# I Think I Will Stop Using The Word "Impressionism"



## millionrainbows

The first use of the term "Impressionism" as a label for a distinctive artistic style was by critic Louis Leroy, who, after viewing an art exhibit in Paris in 1874, published a derogatory article in which he referred to the artists as "Impressionists." The title of one of the paintings contributed to that term - Claude Monet's Impression: soleil levant (Impression: sunrise, 1872).


----------



## Manxfeeder

Well, there's always Fuzzy Paintings.


----------



## GreenMamba

If we're going to stop using words that were originally derogatory but later accepted, then we're going to have a smaller and less rich vocabulary.


----------



## Mahlerian

The problem with atonality is not that the word was originally negative (so was the term Baroque), but that it is entirely misleading and openly false in its implications.

Some of the most harmonically rich and lyrical music ever, fully steeped in tradition, and it gets saddled with a term that implies that it's a negation of what came before and lacks something in the harmonic dimension?

What purpose does the term serve at all?

It fails to denote any aspect of the music to which it is applied.
When it is not taken to mean something false, it is taken to mean something that is not implied by the word itself, and is thus misleading.
The word offers no aid to understanding either how the music is constructed or how to listen to it, so it is not practical for either musicians or listeners.


----------



## Guest

millionrainbows said:


> I Think I Will Stop Using The Word "Impressionism"


Thank god for that!
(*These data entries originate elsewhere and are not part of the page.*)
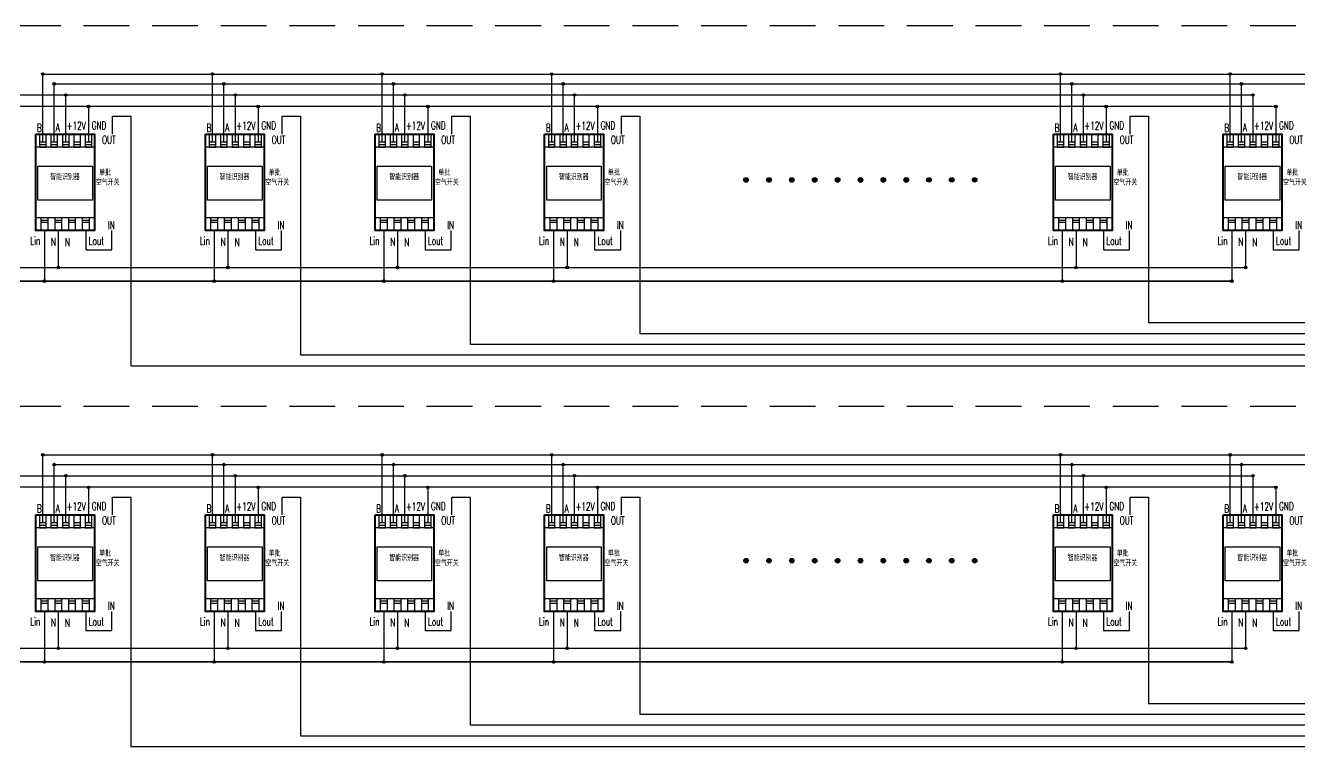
# Model space of a CAD drawing. Header units: millimetres. Extents: x -14098 to 347972, y -58509 to 133182.
# Drawn here: x 27629 to 55479, y 95678 to 111448 of the extents above; entities that cross this region are included whole.
import ezdxf
from ezdxf.enums import TextEntityAlignment as Align

# ---------------------------------------------------------------- set-up
doc = ezdxf.new("R2010")
doc.units = ezdxf.units.MM
doc.header["$LTSCALE"] = 1000
doc.linetypes.add('DASHED2', pattern=[0.375, 0.25, -0.125])
for name, color, linetype in [('5剖面线层', 1, 'Continuous'), ('6文字层', 3, 'Continuous'), ('RD', 1, 'Continuous')]:
    doc.layers.add(name, color=color, linetype=linetype)
doc.styles.add('PC_TEXTSTYLE', font='simplex.shx', dxfattribs={"width": 0.707, "bigfont": 'intecad.shx'})
doc.styles.add('Z', font='romans', dxfattribs={"width": 0.8, "bigfont": 'z'})

# ---------------------------------------------------------------- blocks, each defined once
blk = doc.blocks.new('A$C324759D8')
for p, q in [((276, 2276), (276, 2607)), ((526, 2276), (526, 2607))]:
    blk.add_line(p, q)
for points in [[(122, 2452), (1407, 2452), (1407, 2166), (122, 2166)], [(204, 2166), (348, 2166), (348, 2452), (204, 2452)], [(204, 2223), (348, 2223), (348, 2276), (204, 2276)], [(454, 2166), (598, 2166), (598, 2452), (454, 2452)], [(454, 2223), (598, 2223), (598, 2276), (454, 2276)], [(704, 2166), (848, 2166), (848, 2452), (704, 2452)], [(704, 2223), (848, 2223), (848, 2276), (704, 2276)], [(954, 2166), (1098, 2166), (1098, 2452), (954, 2452)], [(954, 2223), (1098, 2223), (1098, 2276), (954, 2276)], [(1204, 2166), (1348, 2166), (1348, 2452), (1204, 2452)], [(1204, 2223), (1348, 2223), (1348, 2276), (1204, 2276)], [(169, 1749), (1360, 1749), (1360, 1005), (169, 1005)], [(122, 624), (1407, 624), (1407, 338), (122, 338)], [(242, 624), (387, 624), (387, 338), (242, 338)], [(242, 567), (387, 567), (387, 514), (242, 514)], [(542, 624), (687, 624), (687, 338), (542, 338)], [(542, 567), (687, 567), (687, 514), (542, 514)], [(842, 624), (987, 624), (987, 338), (842, 338)], [(842, 567), (987, 567), (987, 514), (842, 514)], [(1142, 624), (1287, 624), (1287, 338), (1142, 338)], [(1142, 567), (1287, 567), (1287, 514), (1142, 514)]]:
    blk.add_lwpolyline(points, close=True)
at = {"lineweight": 40}
blk.add_lwpolyline([(122, 2452), (1407, 2452), (1407, 338), (122, 338)], close=True, dxfattribs=at)
at = {"layer": 'RD', "color": 0, "const_width": 1}
blk.add_lwpolyline([(1407, 2452), (1950, 2452), (1950, 338), (1407, 338), (1407, 2452)], dxfattribs=at)
at = {"layer": '6文字层', "color": 7, "style": 'PC_TEXTSTYLE', "width": 0.667}
for s, p in [('B', (148, 2499)), ('A', (555, 2504)), ('+12V', (795, 2546)), ('GND', (1345, 2554)), ('OUT', (1570, 2239)), ('IN', (1701, 372)), ('Lin', (0, 28)), ('N', (455, 7)), ('N', (761, 0)), ('Lout', (1278, 27))]:
    blk.add_text(s, height=175, dxfattribs=at).set_placement(p)
at = {"layer": '6文字层', "color": 7, "style": 'Z', "width": 0.8}
for s, p in [('单批', (1505, 1668)), ('智能识别器', (433, 1571)), ('空气开关', (1432, 1456))]:
    blk.add_text(s, height=125, dxfattribs=at).set_placement(p, align=Align.TOP_LEFT)

msp = doc.modelspace()

# ---------------------------------------------------------------- hatches: boundary and pattern name
at = {"layer": '5剖面线层'}
h = msp.add_hatch(color=5, dxfattribs=at)
h.paths.add_polyline_path([(27980, 110385), (28009, 110385), (28037, 110385, 1)])
h.paths.add_polyline_path([(28037, 110385), (28009, 110385), (28009, 110357, 0.414214)])
h.paths.add_polyline_path([(28009, 110385), (27980, 110385, 0.414214), (28009, 110357)])
h = msp.add_hatch(color=5, dxfattribs=at)
h.paths.add_polyline_path([(31688, 110385), (31717, 110385), (31745, 110385, 1)])
h.paths.add_polyline_path([(31745, 110385), (31717, 110385), (31717, 110357, 0.414214)])
h.paths.add_polyline_path([(31717, 110385), (31688, 110385, 0.414214), (31717, 110357)])
h = msp.add_hatch(color=5, dxfattribs=at)
h.paths.add_polyline_path([(35396, 110385), (35424, 110385), (35453, 110385, 1)])
h.paths.add_polyline_path([(35453, 110385), (35424, 110385), (35424, 110357, 0.414214)])
h.paths.add_polyline_path([(35424, 110385), (35396, 110385, 0.414214), (35424, 110357)])
h = msp.add_hatch(color=5, dxfattribs=at)
h.paths.add_polyline_path([(39104, 110385), (39132, 110385), (39160, 110385, 1)])
h.paths.add_polyline_path([(39160, 110385), (39132, 110385), (39132, 110357, 0.414214)])
h.paths.add_polyline_path([(39132, 110385), (39104, 110385, 0.414214), (39132, 110357)])
h = msp.add_hatch(color=5, dxfattribs=at)
h.paths.add_polyline_path([(50227, 110385), (50255, 110385), (50284, 110385, 1)])
h.paths.add_polyline_path([(50284, 110385), (50255, 110385), (50255, 110357, 0.414214)])
h.paths.add_polyline_path([(50255, 110385), (50227, 110385, 0.414214), (50255, 110357)])
h = msp.add_hatch(color=5, dxfattribs=at)
h.paths.add_polyline_path([(53935, 110385), (53963, 110385), (53991, 110385, 1)])
h.paths.add_polyline_path([(53991, 110385), (53963, 110385), (53963, 110357, 0.414214)])
h.paths.add_polyline_path([(53963, 110385), (53935, 110385, 0.414214), (53963, 110357)])
h = msp.add_hatch(color=5, dxfattribs=at)
h.paths.add_polyline_path([(28230, 110171), (28259, 110171), (28287, 110171, 1)])
h.paths.add_polyline_path([(28287, 110171), (28259, 110171), (28259, 110143, 0.414214)])
h.paths.add_polyline_path([(28259, 110171), (28230, 110171, 0.414214), (28259, 110143)])
h = msp.add_hatch(color=5, dxfattribs=at)
h.paths.add_polyline_path([(31938, 110171), (31967, 110171), (31995, 110171, 1)])
h.paths.add_polyline_path([(31995, 110171), (31967, 110171), (31967, 110143, 0.414214)])
h.paths.add_polyline_path([(31967, 110171), (31938, 110171, 0.414214), (31967, 110143)])
h = msp.add_hatch(color=5, dxfattribs=at)
h.paths.add_polyline_path([(35646, 110171), (35674, 110171), (35703, 110171, 1)])
h.paths.add_polyline_path([(35703, 110171), (35674, 110171), (35674, 110143, 0.414214)])
h.paths.add_polyline_path([(35674, 110171), (35646, 110171, 0.414214), (35674, 110143)])
h = msp.add_hatch(color=5, dxfattribs=at)
h.paths.add_polyline_path([(39354, 110171), (39382, 110171), (39410, 110171, 1)])
h.paths.add_polyline_path([(39410, 110171), (39382, 110171), (39382, 110143, 0.414214)])
h.paths.add_polyline_path([(39382, 110171), (39354, 110171, 0.414214), (39382, 110143)])
h = msp.add_hatch(color=5, dxfattribs=at)
h.paths.add_polyline_path([(50477, 110171), (50505, 110171), (50534, 110171, 1)])
h.paths.add_polyline_path([(50534, 110171), (50505, 110171), (50505, 110143, 0.414214)])
h.paths.add_polyline_path([(50505, 110171), (50477, 110171, 0.414214), (50505, 110143)])
h = msp.add_hatch(color=5, dxfattribs=at)
h.paths.add_polyline_path([(54185, 110171), (54213, 110171), (54241, 110171, 1)])
h.paths.add_polyline_path([(54241, 110171), (54213, 110171), (54213, 110143, 0.414214)])
h.paths.add_polyline_path([(54213, 110171), (54185, 110171, 0.414214), (54213, 110143)])
h = msp.add_hatch(color=4, dxfattribs=at)
h.paths.add_polyline_path([(28480, 109927), (28509, 109927), (28537, 109927, 1)])
h.paths.add_polyline_path([(28537, 109927), (28509, 109927), (28509, 109899, 0.414214)])
h.paths.add_polyline_path([(28509, 109927), (28480, 109927, 0.414214), (28509, 109899)])
h = msp.add_hatch(color=4, dxfattribs=at)
h.paths.add_polyline_path([(32188, 109927), (32217, 109927), (32245, 109927, 1)])
h.paths.add_polyline_path([(32245, 109927), (32217, 109927), (32217, 109899, 0.414214)])
h.paths.add_polyline_path([(32217, 109927), (32188, 109927, 0.414214), (32217, 109899)])
h = msp.add_hatch(color=4, dxfattribs=at)
h.paths.add_polyline_path([(35896, 109927), (35924, 109927), (35953, 109927, 1)])
h.paths.add_polyline_path([(35953, 109927), (35924, 109927), (35924, 109899, 0.414214)])
h.paths.add_polyline_path([(35924, 109927), (35896, 109927, 0.414214), (35924, 109899)])
h = msp.add_hatch(color=4, dxfattribs=at)
h.paths.add_polyline_path([(39604, 109927), (39632, 109927), (39660, 109927, 1)])
h.paths.add_polyline_path([(39660, 109927), (39632, 109927), (39632, 109899, 0.414214)])
h.paths.add_polyline_path([(39632, 109927), (39604, 109927, 0.414214), (39632, 109899)])
h = msp.add_hatch(color=4, dxfattribs=at)
h.paths.add_polyline_path([(50727, 109927), (50755, 109927), (50784, 109927, 1)])
h.paths.add_polyline_path([(50784, 109927), (50755, 109927), (50755, 109899, 0.414214)])
h.paths.add_polyline_path([(50755, 109927), (50727, 109927, 0.414214), (50755, 109899)])
h = msp.add_hatch(color=4, dxfattribs=at)
h.paths.add_polyline_path([(54435, 109927), (54463, 109927), (54491, 109927, 1)])
h.paths.add_polyline_path([(54491, 109927), (54463, 109927), (54463, 109899, 0.414214)])
h.paths.add_polyline_path([(54463, 109927), (54435, 109927, 0.414214), (54463, 109899)])
h = msp.add_hatch(color=6, dxfattribs=at)
h.paths.add_polyline_path([(28980, 109675), (29009, 109675), (29037, 109675, 1)])
h.paths.add_polyline_path([(29037, 109675), (29009, 109675), (29009, 109646, 0.414214)])
h.paths.add_polyline_path([(29009, 109675), (28980, 109675, 0.414214), (29009, 109646)])
h = msp.add_hatch(color=6, dxfattribs=at)
h.paths.add_polyline_path([(28980, 109675), (29009, 109675), (29037, 109675, 1)])
h.paths.add_polyline_path([(29037, 109675), (29009, 109675), (29009, 109646, 0.414214)])
h.paths.add_polyline_path([(29009, 109675), (28980, 109675, 0.414214), (29009, 109646)])
h = msp.add_hatch(color=6, dxfattribs=at)
h.paths.add_polyline_path([(32688, 109675), (32717, 109675), (32745, 109675, 1)])
h.paths.add_polyline_path([(32745, 109675), (32717, 109675), (32717, 109646, 0.414214)])
h.paths.add_polyline_path([(32717, 109675), (32688, 109675, 0.414214), (32717, 109646)])
h = msp.add_hatch(color=6, dxfattribs=at)
h.paths.add_polyline_path([(32688, 109675), (32717, 109675), (32745, 109675, 1)])
h.paths.add_polyline_path([(32745, 109675), (32717, 109675), (32717, 109646, 0.414214)])
h.paths.add_polyline_path([(32717, 109675), (32688, 109675, 0.414214), (32717, 109646)])
h = msp.add_hatch(color=6, dxfattribs=at)
h.paths.add_polyline_path([(36396, 109675), (36424, 109675), (36453, 109675, 1)])
h.paths.add_polyline_path([(36453, 109675), (36424, 109675), (36424, 109646, 0.414214)])
h.paths.add_polyline_path([(36424, 109675), (36396, 109675, 0.414214), (36424, 109646)])
h = msp.add_hatch(color=6, dxfattribs=at)
h.paths.add_polyline_path([(36396, 109675), (36424, 109675), (36453, 109675, 1)])
h.paths.add_polyline_path([(36453, 109675), (36424, 109675), (36424, 109646, 0.414214)])
h.paths.add_polyline_path([(36424, 109675), (36396, 109675, 0.414214), (36424, 109646)])
h = msp.add_hatch(color=6, dxfattribs=at)
h.paths.add_polyline_path([(40104, 109675), (40132, 109675), (40160, 109675, 1)])
h.paths.add_polyline_path([(40160, 109675), (40132, 109675), (40132, 109646, 0.414214)])
h.paths.add_polyline_path([(40132, 109675), (40104, 109675, 0.414214), (40132, 109646)])
h = msp.add_hatch(color=6, dxfattribs=at)
h.paths.add_polyline_path([(40104, 109675), (40132, 109675), (40160, 109675, 1)])
h.paths.add_polyline_path([(40160, 109675), (40132, 109675), (40132, 109646, 0.414214)])
h.paths.add_polyline_path([(40132, 109675), (40104, 109675, 0.414214), (40132, 109646)])
h = msp.add_hatch(color=6, dxfattribs=at)
h.paths.add_polyline_path([(51227, 109675), (51255, 109675), (51284, 109675, 1)])
h.paths.add_polyline_path([(51284, 109675), (51255, 109675), (51255, 109646, 0.414214)])
h.paths.add_polyline_path([(51255, 109675), (51227, 109675, 0.414214), (51255, 109646)])
h = msp.add_hatch(color=6, dxfattribs=at)
h.paths.add_polyline_path([(51227, 109675), (51255, 109675), (51284, 109675, 1)])
h.paths.add_polyline_path([(51284, 109675), (51255, 109675), (51255, 109646, 0.414214)])
h.paths.add_polyline_path([(51255, 109675), (51227, 109675, 0.414214), (51255, 109646)])
h = msp.add_hatch(color=6, dxfattribs=at)
h.paths.add_polyline_path([(54935, 109675), (54963, 109675), (54991, 109675, 1)])
h.paths.add_polyline_path([(54991, 109675), (54963, 109675), (54963, 109646, 0.414214)])
h.paths.add_polyline_path([(54963, 109675), (54935, 109675, 0.414214), (54963, 109646)])
h = msp.add_hatch(color=6, dxfattribs=at)
h.paths.add_polyline_path([(54935, 109675), (54963, 109675), (54991, 109675, 1)])
h.paths.add_polyline_path([(54991, 109675), (54963, 109675), (54963, 109646, 0.414214)])
h.paths.add_polyline_path([(54963, 109675), (54935, 109675, 0.414214), (54963, 109646)])
for points in [[(43432, 108070, 1), (43331, 108070, 1)], [(43932, 108070, 1), (43831, 108070, 1)], [(44432, 108070, 1), (44331, 108070, 1)], [(44932, 108070, 1), (44831, 108070, 1)], [(45432, 108070, 1), (45331, 108070, 1)], [(45932, 108070, 1), (45831, 108070, 1)], [(46432, 108070, 1), (46331, 108070, 1)], [(46932, 108070, 1), (46831, 108070, 1)], [(47428, 108071, 1), (47327, 108071, 1)], [(47928, 108071, 1), (47827, 108071, 1)], [(48428, 108071, 1), (48327, 108071, 1)], [(43432, 99742, 1), (43331, 99742, 1)], [(43932, 99742, 1), (43831, 99742, 1)], [(44432, 99742, 1), (44331, 99742, 1)], [(44932, 99742, 1), (44831, 99742, 1)], [(45432, 99742, 1), (45331, 99742, 1)], [(45932, 99742, 1), (45831, 99742, 1)], [(46432, 99742, 1), (46331, 99742, 1)], [(46932, 99742, 1), (46831, 99742, 1)], [(47428, 99743, 1), (47327, 99743, 1)], [(47928, 99743, 1), (47827, 99743, 1)], [(48428, 99743, 1), (48327, 99743, 1)]]:
    msp.add_hatch(color=4, dxfattribs=at).paths.add_polyline_path(points)
h = msp.add_hatch(color=4, dxfattribs=at)
h.paths.add_polyline_path([(28319, 106155), (28347, 106155), (28376, 106155, 1)])
h.paths.add_polyline_path([(28376, 106155), (28347, 106155), (28347, 106127, 0.414214)])
h.paths.add_polyline_path([(28347, 106155), (28319, 106155, 0.414214), (28347, 106127)])
h = msp.add_hatch(color=4, dxfattribs=at)
h.paths.add_polyline_path([(32027, 106155), (32055, 106155), (32084, 106155, 1)])
h.paths.add_polyline_path([(32084, 106155), (32055, 106155), (32055, 106127, 0.414214)])
h.paths.add_polyline_path([(32055, 106155), (32027, 106155, 0.414214), (32055, 106127)])
h = msp.add_hatch(color=4, dxfattribs=at)
h.paths.add_polyline_path([(35734, 106155), (35763, 106155), (35791, 106155, 1)])
h.paths.add_polyline_path([(35791, 106155), (35763, 106155), (35763, 106127, 0.414214)])
h.paths.add_polyline_path([(35763, 106155), (35734, 106155, 0.414214), (35763, 106127)])
h = msp.add_hatch(color=4, dxfattribs=at)
h.paths.add_polyline_path([(39442, 106155), (39471, 106155), (39499, 106155, 1)])
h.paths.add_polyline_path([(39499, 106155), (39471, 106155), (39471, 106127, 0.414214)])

I was beginning to tire of your endless use, misuse and abuse of the word...

Wait a minute though...what will you do when you want to talk about the critic Louis Leroy, whose use of the term led to ....


----------



## millionrainbows

GreenMamba said:


> If we're going to stop using words that were originally derogatory but later accepted, then we're going to have a smaller and less rich vocabulary.


That's so true! Besides that, the term is already in common use in many textbooks and art history books, similar to the term "atonal."


----------



## Che2007

Anxiety about the language you use sometimes gets in the way of expressing what you mean. We all need a common language, otherwise how can we talk?


----------



## millionrainbows

Mahlerian said:


> The problem with atonality is not that the word was originally negative (so was the term Baroque), but that it is entirely misleading and openly false in its implications.


I don't see it as unclear. It means "not tonal." If you take "tonal" to mean "music having a tonal center" then "not tonal" or "atonal" means "music having no tonal center" or music in which a tonal center is not of primary importance.


----------



## Mahlerian

millionrainbows said:


> I don't see it as unclear. It means "not tonal." If you take "tonal" to mean "music having a tonal center" then "not tonal" or "atonal" means "music having no tonal center" or music in which a tonal center is not of primary importance.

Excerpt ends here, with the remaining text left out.